» REQUIRED WORK
Span requested from the data below: the line with "Message Send : MessageSend" through the line with "CAN BUS1 : NCS_Library/Network/CAN/CAN", both included. Give only these lines again, exactly, and leave every picture out.

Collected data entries
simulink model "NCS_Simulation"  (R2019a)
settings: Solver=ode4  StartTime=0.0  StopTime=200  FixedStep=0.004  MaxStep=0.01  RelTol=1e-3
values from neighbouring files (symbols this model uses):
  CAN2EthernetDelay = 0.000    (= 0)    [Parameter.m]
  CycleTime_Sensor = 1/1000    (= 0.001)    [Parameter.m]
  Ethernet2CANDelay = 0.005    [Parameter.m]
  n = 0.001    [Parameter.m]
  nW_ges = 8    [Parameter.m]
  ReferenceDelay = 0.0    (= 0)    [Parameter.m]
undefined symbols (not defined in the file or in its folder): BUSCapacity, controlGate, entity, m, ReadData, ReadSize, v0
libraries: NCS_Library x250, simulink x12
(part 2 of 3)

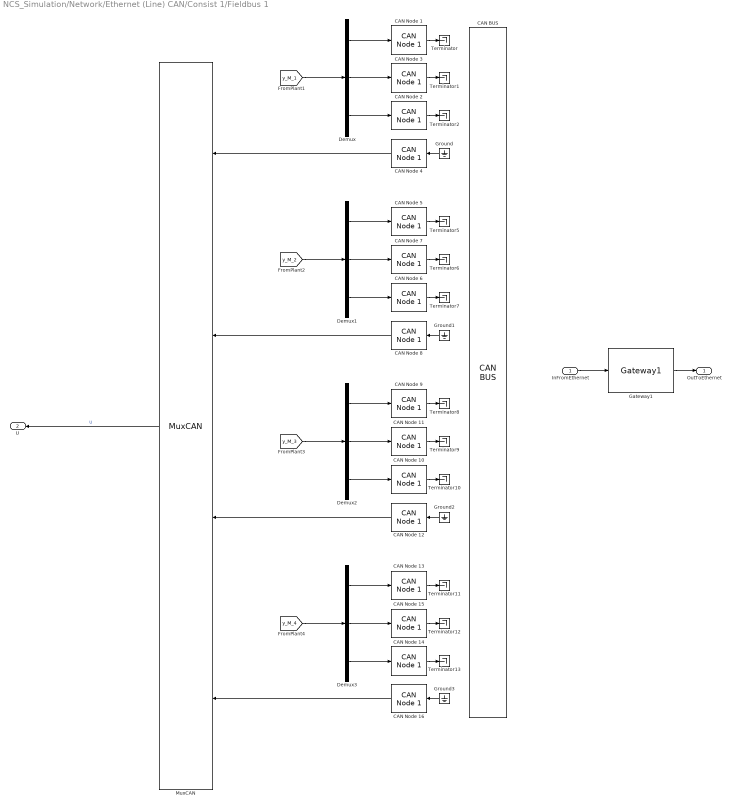
== system NCS_Simulation/Network/Ethernet (Line) CAN/Consist 1/Fieldbus 1 ==
  InFromEthernet : Inport
  CAN BUS : NCS_Library/Network/CAN/CAN BUS  BusID=1  Capacity=500000  LossRate=0.001
  CAN Node 1 : NCS_Library/Network/CAN/CAN Node 1  MsgID=1  IDRange=[1:25]  T_Tx=0.05  SensorType=Position Sensor  MsgSize=8  IDSubscription=[0,0,0,0,0,0,0,0,0,0,0,0,0,0,0,0,0,0,0,0,0,0,0,0,0]  EnableToF=off  ToF=0
  CAN Node 10 : NCS_Library/Network/CAN/CAN Node 1  MsgID=11  IDRange=[1:25]  T_Tx=0.05  SensorType=Acceleration Sensor  MsgSize=8  IDSubscription=[0,0,0,0,0,0,0,0,0,0,0,0,0,0,0,0,0,0,0,0,0,0,0,0,0]  EnableToF=off  ToF=0
  CAN Node 11 : NCS_Library/Network/CAN/CAN Node 1  MsgID=10  IDRange=[1:25]  T_Tx=0.05  SensorType=Velocity Sensor  MsgSize=8  IDSubscription=[0,0,0,0,0,0,0,0,0,0,0,0,0,0,0,0,0,0,0,0,0,0,0,0,0]  EnableToF=off  ToF=0
  CAN Node 12 : NCS_Library/Network/CAN/CAN Node 1  MsgID=12  IDRange=[1:25]  T_Tx=0  SensorType=Actuator  MsgSize=8  IDSubscription=[0,0,0,0,0,0,0,0,0,0,0,0,0,0,0,0,0,0,0,0,0,0,0,0,1]  EnableToF=off  ToF=0
  CAN Node 13 : NCS_Library/Network/CAN/CAN Node 1  MsgID=13  IDRange=[1:25]  T_Tx=0.05  SensorType=Position Sensor  MsgSize=8  IDSubscription=[0,0,0,0,0,0,0,0,0,0,0,0,0,0,0,0,0,0,0,0,0,0,0,0,0]  EnableToF=off  ToF=0
  CAN Node 14 : NCS_Library/Network/CAN/CAN Node 1  MsgID=15  IDRange=[1:25]  T_Tx=0.05  SensorType=Acceleration Sensor  MsgSize=8  IDSubscription=[0,0,0,0,0,0,0,0,0,0,0,0,0,0,0,0,0,0,0,0,0,0,0,0,0]  EnableToF=off  ToF=0
  CAN Node 15 : NCS_Library/Network/CAN/CAN Node 1  MsgID=14  IDRange=[1:25]  T_Tx=0.05  SensorType=Velocity Sensor  MsgSize=8  IDSubscription=[0,0,0,0,0,0,0,0,0,0,0,0,0,0,0,0,0,0,0,0,0,0,0,0,0]  EnableToF=off  ToF=0
  CAN Node 16 : NCS_Library/Network/CAN/CAN Node 1  MsgID=16  IDRange=[1:25]  T_Tx=0  SensorType=Actuator  MsgSize=8  IDSubscription=[0,0,0,0,0,0,0,0,0,0,0,0,0,0,0,0,0,0,0,0,0,0,0,0,1]  EnableToF=off  ToF=0
  CAN Node 2 : NCS_Library/Network/CAN/CAN Node 1  MsgID=3  IDRange=[1:25]  T_Tx=0.05  SensorType=Acceleration Sensor  MsgSize=8  IDSubscription=[0,0,0,0,0,0,0,0,0,0,0,0,0,0,0,0,0,0,0,0,0,0,0,0,0]  EnableToF=off  ToF=0
  CAN Node 3 : NCS_Library/Network/CAN/CAN Node 1  MsgID=2  IDRange=[1:25]  T_Tx=0.05  SensorType=Velocity Sensor  MsgSize=8  IDSubscription=[0,0,0,0,0,0,0,0,0,0,0,0,0,0,0,0,0,0,0,0,0,0,0,0,0]  EnableToF=off  ToF=0
  CAN Node 4 : NCS_Library/Network/CAN/CAN Node 1  MsgID=4  IDRange=[1:25]  T_Tx=0  SensorType=Actuator  MsgSize=8  IDSubscription=[0,0,0,0,0,0,0,0,0,0,0,0,0,0,0,0,0,0,0,0,0,0,0,0,1]  EnableToF=off  ToF=0
  CAN Node 5 : NCS_Library/Network/CAN/CAN Node 1  MsgID=5  IDRange=[1:25]  T_Tx=0.05  SensorType=Position Sensor  MsgSize=8  IDSubscription=[0,0,0,0,0,0,0,0,0,0,0,0,0,0,0,0,0,0,0,0,0,0,0,0,0]  EnableToF=off  ToF=0
  CAN Node 6 : NCS_Library/Network/CAN/CAN Node 1  MsgID=7  IDRange=[1:25]  T_Tx=0.05  SensorType=Acceleration Sensor  MsgSize=8  IDSubscription=[0,0,0,0,0,0,0,0,0,0,0,0,0,0,0,0,0,0,0,0,0,0,0,0,0]  EnableToF=off  ToF=0
  CAN Node 7 : NCS_Library/Network/CAN/CAN Node 1  MsgID=6  IDRange=[1:25]  T_Tx=0.05  SensorType=Velocity Sensor  MsgSize=8  IDSubscription=[0,0,0,0,0,0,0,0,0,0,0,0,0,0,0,0,0,0,0,0,0,0,0,0,0]  EnableToF=off  ToF=0
  CAN Node 8 : NCS_Library/Network/CAN/CAN Node 1  MsgID=8  IDRange=[1:25]  T_Tx=0  SensorType=Actuator  MsgSize=8  IDSubscription=[0,0,0,0,0,0,0,0,0,0,0,0,0,0,0,0,0,0,0,0,0,0,0,0,1]  EnableToF=off  ToF=0
  CAN Node 9 : NCS_Library/Network/CAN/CAN Node 1  MsgID=9  IDRange=[1:25]  T_Tx=0.05  SensorType=Position Sensor  MsgSize=8  IDSubscription=[0,0,0,0,0,0,0,0,0,0,0,0,0,0,0,0,0,0,0,0,0,0,0,0,0]  EnableToF=off  ToF=0
  Demux{,1..3} (4 alike) : Demux  Outputs=3
  Gateway1 : NCS_Library/Network/Gateway/Gateway1  T_Tx=4  MaxNum=8  Address=[111 211]  Destination=[111 200]  Port=1  ReplyAddress=[0 0]  Subscribe=[111 212; 111 213; 0 0; 0 0; 0 0]  Timeout=inf  SDTv2=Disable  SensorType=0  MsgID=25  IDRange=[1:25]  T_Tx_CAN=0.1  MsgSize=8  IDSubscription=[0,1,0,0,0,1,0,0,0,1,0,0,0,1,0,0,0,0,0,0,0,0,0,0,0]  EnableToF=off  ToF=0
  Ground{,1..3} (4 alike) : Ground
  MuxCAN : NCS_Library/Network/Applications/Multiplexer/MuxCAN  SystemSampleTime=-1
  Terminator{,1..2,5..13} (12 alike) : Terminator
  OutToEthernet : Outport
  U : Outport  Port=2
  wires:
  CAN Node 8/1 -> MuxCAN/2
  CAN Node 4/1 -> MuxCAN/1
  Demux/1 -> CAN Node 1/1
  CAN Node 16/1 -> MuxCAN/4
  CAN Node 9/1 -> Terminator8/1
  CAN Node 1/1 -> Terminator/1
  Demux/2 -> CAN Node 3/1
  [y_M_1] -> Demux/1
  Demux3/1 -> CAN Node 13/1
  CAN Node 12/1 -> MuxCAN/3
  Demux2/2 -> CAN Node 11/1
  CAN Node 3/1 -> Terminator1/1
  CAN Node 6/1 -> Terminator7/1
  Ground/1 -> CAN Node 4/1
  CAN Node 5/1 -> Terminator5/1
  Demux/3 -> CAN Node 2/1
  Demux1/3 -> CAN Node 6/1
  Ground3/1 -> CAN Node 16/1
  Ground1/1 -> CAN Node 8/1
  CAN Node 10/1 -> Terminator10/1
  InFromEthernet/1 -> Gateway1/1
  Demux2/1 -> CAN Node 9/1
  CAN Node 11/1 -> Terminator9/1
  CAN Node 13/1 -> Terminator11/1
  Demux2/3 -> CAN Node 10/1
  Demux1/2 -> CAN Node 7/1
  Demux3/2 -> CAN Node 15/1
  CAN Node 14/1 -> Terminator13/1
  Ground2/1 -> CAN Node 12/1
  [y_M_4] -> Demux3/1
  [y_M_3] -> Demux2/1
  Demux1/1 -> CAN Node 5/1
  CAN Node 15/1 -> Terminator12/1
  [y_M_2] -> Demux1/1
  CAN Node 2/1 -> Terminator2/1
  Demux3/3 -> CAN Node 14/1
  CAN Node 7/1 -> Terminator6/1
  MuxCAN/1 -> U/1  "U"
  Gateway1/1 -> OutToEthernet/1

== system NCS_Simulation/Network/Ethernet (Line) CAN/Consist 1/Output Control ==
  <#Receive> : Inport
  Y_M1 : Inport  Port=2
  U : Inport  Port=3
  Y_M2 : Inport  Port=4
  Logical Operator : Logic  Operator=NOT  AllPortsSameDT=off  OutDataTypeStr=boolean
  Mux : NCS_Library/Network/Applications/Multiplexer/Mux  SystemSampleTime=-1
  Switch : Switch  Criteria=u2 > Threshold
  Watch Dog : NCS_Library/Network/Applications/Watch Dog  SystemSampleTime=-1
  Out1 : Outport
  wires:
  Mux/1 -> Out1/1
  Watch Dog/1 -> Logical Operator/1
  U/1 -> Mux/2
  <#Receive>/1 -> Watch Dog/1
  Switch/1 -> Mux/1
  Y_M1/1 -> Switch/1
  Logical Operator/1 -> Switch/2
  Y_M2/1 -> Switch/3

== system NCS_Simulation/Network/Ethernet (Line) CAN/Consist 1/Redundant Device Control ==
  <#Receive> : Inport
  InTx : Inport  Port=2
  Add Constant : Bias  Bias=1
  Display : Display
  Entity Output Switch : EntityOutputSwitch  InputPortMessageModes=m,m  OutputPortMessageModes=m,m  SwitchingCriterion=From control port  SwitchAttributeName=Attribute1
      settings: InputPortMap=u0,u1
  Message Send : MessageSend  OutputPortMessageModes=m
      settings: InputPortMap=u1
  No Failure : EntityTerminator  InputPortMessageModes=m  NumberEntitiesArrived=on
      settings: OutputPortMap=o0
  Watch Dog : NCS_Library/Network/Applications/Watch Dog  SystemSampleTime=-1
  OutTx : Outport
  wires:
  Message Send/1 -> Entity Output Switch/1
  Add Constant/1 -> Message Send/1
  Watch Dog/1 -> Add Constant/1
  No Failure/1 -> Display/1
  <#Receive>/1 -> Watch Dog/1
  Entity Output Switch/1 -> No Failure/1
  InTx/1 -> Entity Output Switch/2
  Entity Output Switch/2 -> OutTx/1

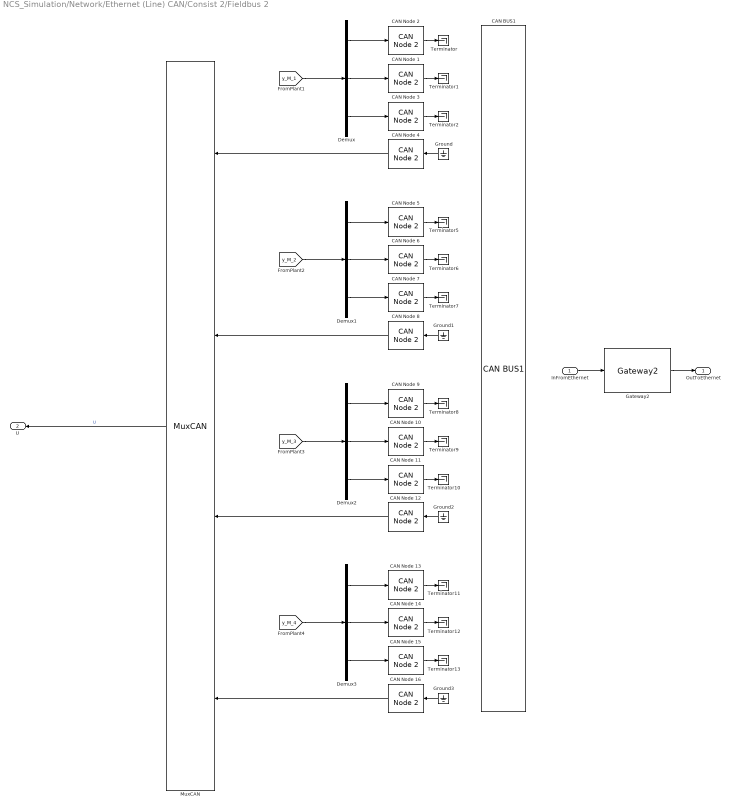
== system NCS_Simulation/Network/Ethernet (Line) CAN/Consist 2/Fieldbus 2 ==
  InFromEthernet : Inport
  CAN BUS1 : NCS_Library/Network/CAN/CAN BUS1  BusID=2  Capacity=500000  LossRate=0.001
  CAN Node 1 : NCS_Library/Network/CAN/CAN Node 2  MsgID=2  IDRange=[1:25]  T_Tx=0.05  SensorType=Velocity Sensor  MsgSize=8  IDSubscription=[0,0,0,0,0,0,0,0,0,0,0,0,0,0,0,0,0,0,0,0,0,0,0,0,0]  EnableToF=off  ToF=0
  CAN Node 10 : NCS_Library/Network/CAN/CAN Node 2  MsgID=10  IDRange=[1:25]  T_Tx=0.05  SensorType=Velocity Sensor  MsgSize=8  IDSubscription=[0,0,0,0,0,0,0,0,0,0,0,0,0,0,0,0,0,0,0,0,0,0,0,0,0]  EnableToF=off  ToF=0
  CAN Node 11 : NCS_Library/Network/CAN/CAN Node 2  MsgID=11  IDRange=[1:25]  T_Tx=0.05  SensorType=Acceleration Sensor  MsgSize=8  IDSubscription=[0,0,0,0,0,0,0,0,0,0,0,0,0,0,0,0,0,0,0,0,0,0,0,0,0]  EnableToF=off  ToF=0
  CAN Node 12 : NCS_Library/Network/CAN/CAN Node 2  MsgID=12  IDRange=[1:25]  T_Tx=0  SensorType=Actuator  MsgSize=8  IDSubscription=[0,0,0,0,0,0,0,0,0,0,0,0,0,0,0,0,0,0,0,0,0,0,0,0,1]  EnableToF=off  ToF=0
  CAN Node 13 : NCS_Library/Network/CAN/CAN Node 2  MsgID=13  IDRange=[1:25]  T_Tx=0.05  SensorType=Position Sensor  MsgSize=8  IDSubscription=[0,0,0,0,0,0,0,0,0,0,0,0,0,0,0,0,0,0,0,0,0,0,0,0,0]  EnableToF=off  ToF=0
  CAN Node 14 : NCS_Library/Network/CAN/CAN Node 2  MsgID=14  IDRange=[1:25]  T_Tx=0.05  SensorType=Velocity Sensor  MsgSize=8  IDSubscription=[0,0,0,0,0,0,0,0,0,0,0,0,0,0,0,0,0,0,0,0,0,0,0,0,0]  EnableToF=off  ToF=0
  CAN Node 15 : NCS_Library/Network/CAN/CAN Node 2  MsgID=15  IDRange=[1:25]  T_Tx=0.05  SensorType=Acceleration Sensor  MsgSize=8  IDSubscription=[0,0,0,0,0,0,0,0,0,0,0,0,0,0,0,0,0,0,0,0,0,0,0,0,0]  EnableToF=off  ToF=0
  CAN Node 16 : NCS_Library/Network/CAN/CAN Node 2  MsgID=16  IDRange=[1:25]  T_Tx=0  SensorType=Actuator  MsgSize=8  IDSubscription=[0,0,0,0,0,0,0,0,0,0,0,0,0,0,0,0,0,0,0,0,0,0,0,0,1]  EnableToF=off  ToF=0
  CAN Node 2 : NCS_Library/Network/CAN/CAN Node 2  MsgID=1  IDRange=[1:25]  T_Tx=0.05  SensorType=Position Sensor  MsgSize=8  IDSubscription=[0,0,0,0,0,0,0,0,0,0,0,0,0,0,0,0,0,0,0,0,0,0,0,0,0]  EnableToF=off  ToF=0
  CAN Node 3 : NCS_Library/Network/CAN/CAN Node 2  MsgID=3  IDRange=[1:25]  T_Tx=0.05  SensorType=Acceleration Sensor  MsgSize=8  IDSubscription=[0,0,0,0,0,0,0,0,0,0,0,0,0,0,0,0,0,0,0,0,0,0,0,0,0]  EnableToF=off  ToF=0
  CAN Node 4 : NCS_Library/Network/CAN/CAN Node 2  MsgID=4  IDRange=[1:25]  T_Tx=0  SensorType=Actuator  MsgSize=8  IDSubscription=[0,0,0,0,0,0,0,0,0,0,0,0,0,0,0,0,0,0,0,0,0,0,0,0,1]  EnableToF=off  ToF=0
  CAN Node 5 : NCS_Library/Network/CAN/CAN Node 2  MsgID=5  IDRange=[1:25]  T_Tx=0.05  SensorType=Position Sensor  MsgSize=8  IDSubscription=[0,0,0,0,0,0,0,0,0,0,0,0,0,0,0,0,0,0,0,0,0,0,0,0,0]  EnableToF=off  ToF=0
  CAN Node 6 : NCS_Library/Network/CAN/CAN Node 2  MsgID=6  IDRange=[1:25]  T_Tx=0.05  SensorType=Velocity Sensor  MsgSize=8  IDSubscription=[0,0,0,0,0,0,0,0,0,0,0,0,0,0,0,0,0,0,0,0,0,0,0,0,0]  EnableToF=off  ToF=0
  CAN Node 7 : NCS_Library/Network/CAN/CAN Node 2  MsgID=7  IDRange=[1:25]  T_Tx=0.05  SensorType=Actuator  MsgSize=8  IDSubscription=[0,0,0,0,0,0,0,0,0,0,0,0,0,0,0,0,0,0,0,0,0,0,0,0,0]  EnableToF=off  ToF=0
  CAN Node 8 : NCS_Library/Network/CAN/CAN Node 2  MsgID=8  IDRange=[1:25]  T_Tx=0  SensorType=Actuator  MsgSize=8  IDSubscription=[0,0,0,0,0,0,0,0,0,0,0,0,0,0,0,0,0,0,0,0,0,0,0,0,1]  EnableToF=off  ToF=0
  CAN Node 9 : NCS_Library/Network/CAN/CAN Node 2  MsgID=9  IDRange=[1:25]  T_Tx=0.05  SensorType=Position Sensor  MsgSize=8  IDSubscription=[0,0,0,0,0,0,0,0,0,0,0,0,0,0,0,0,0,0,0,0,0,0,0,0,0]  EnableToF=off  ToF=0
  Demux{,1..3} (4 alike) : Demux  Outputs=3
  Gateway2 : NCS_Library/Network/Gateway/Gateway2  T_Tx=4  MaxNum=8  Address=[112 211]  Destination=[112 200]  Port=1  ReplyAddress=[0 0]  Subscribe=[112 212; 112 213; 0 0; 0 0; 0 0]  Timeout=inf  SDTv2=Disable  SensorType=0  MsgID=25  IDRange=[1:25]  T_Tx_CAN=0.1  MsgSize=8  IDSubscription=[0,1,0,0,0,1,0,0,0,1,0,0,0,1,0,0,0,0,0,0,0,0,0,0,0]  EnableToF=off  ToF=0
  Ground{,1..3} (4 alike) : Ground
  MuxCAN : NCS_Library/Network/Applications/Multiplexer/MuxCAN  SystemSampleTime=-1
  Terminator{,1..2,5..13} (12 alike) : Terminator
  OutToEthernet : Outport
  U : Outport  Port=2
  wires:
  MuxCAN/1 -> U/1  "U"
  Demux1/2 -> CAN Node 6/1
  Demux/3 -> CAN Node 3/1
  [y_M_2] -> Demux1/1
  Demux3/2 -> CAN Node 14/1
  [y_M_3] -> Demux2/1
  [y_M_4] -> Demux3/1
  Demux3/3 -> CAN Node 15/1
  Demux3/1 -> CAN Node 13/1
  Demux2/2 -> CAN Node 10/1
  InFromEthernet/1 -> Gateway2/1
  Demux2/3 -> CAN Node 11/1
  Demux1/1 -> CAN Node 5/1
  Demux1/3 -> CAN Node 7/1
  Demux/2 -> CAN Node 1/1
  Ground2/1 -> CAN Node 12/1
  [y_M_1] -> Demux/1
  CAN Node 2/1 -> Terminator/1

» WRITTEN ANSWER
  Message Send : MessageSend  OutputPortMessageModes=m
      settings: InputPortMap=u1
  No Failure : EntityTerminator  InputPortMessageModes=m  NumberEntitiesArrived=on
      settings: OutputPortMap=o0
  Watch Dog : NCS_Library/Network/Applications/Watch Dog  SystemSampleTime=-1
  OutTx : Outport
  wires:
  Message Send/1 -> Entity Output Switch/1
  Add Constant/1 -> Message Send/1
  Watch Dog/1 -> Add Constant/1
  No Failure/1 -> Display/1
  <#Receive>/1 -> Watch Dog/1
  Entity Output Switch/1 -> No Failure/1
  InTx/1 -> Entity Output Switch/2
  Entity Output Switch/2 -> OutTx/1

== system NCS_Simulation/Network/Ethernet (Line) CAN/Consist 2/Fieldbus 2 ==
  InFromEthernet : Inport
  CAN BUS1 : NCS_Library/Network/CAN/CAN BUS1  BusID=2  Capacity=500000  LossRate=0.001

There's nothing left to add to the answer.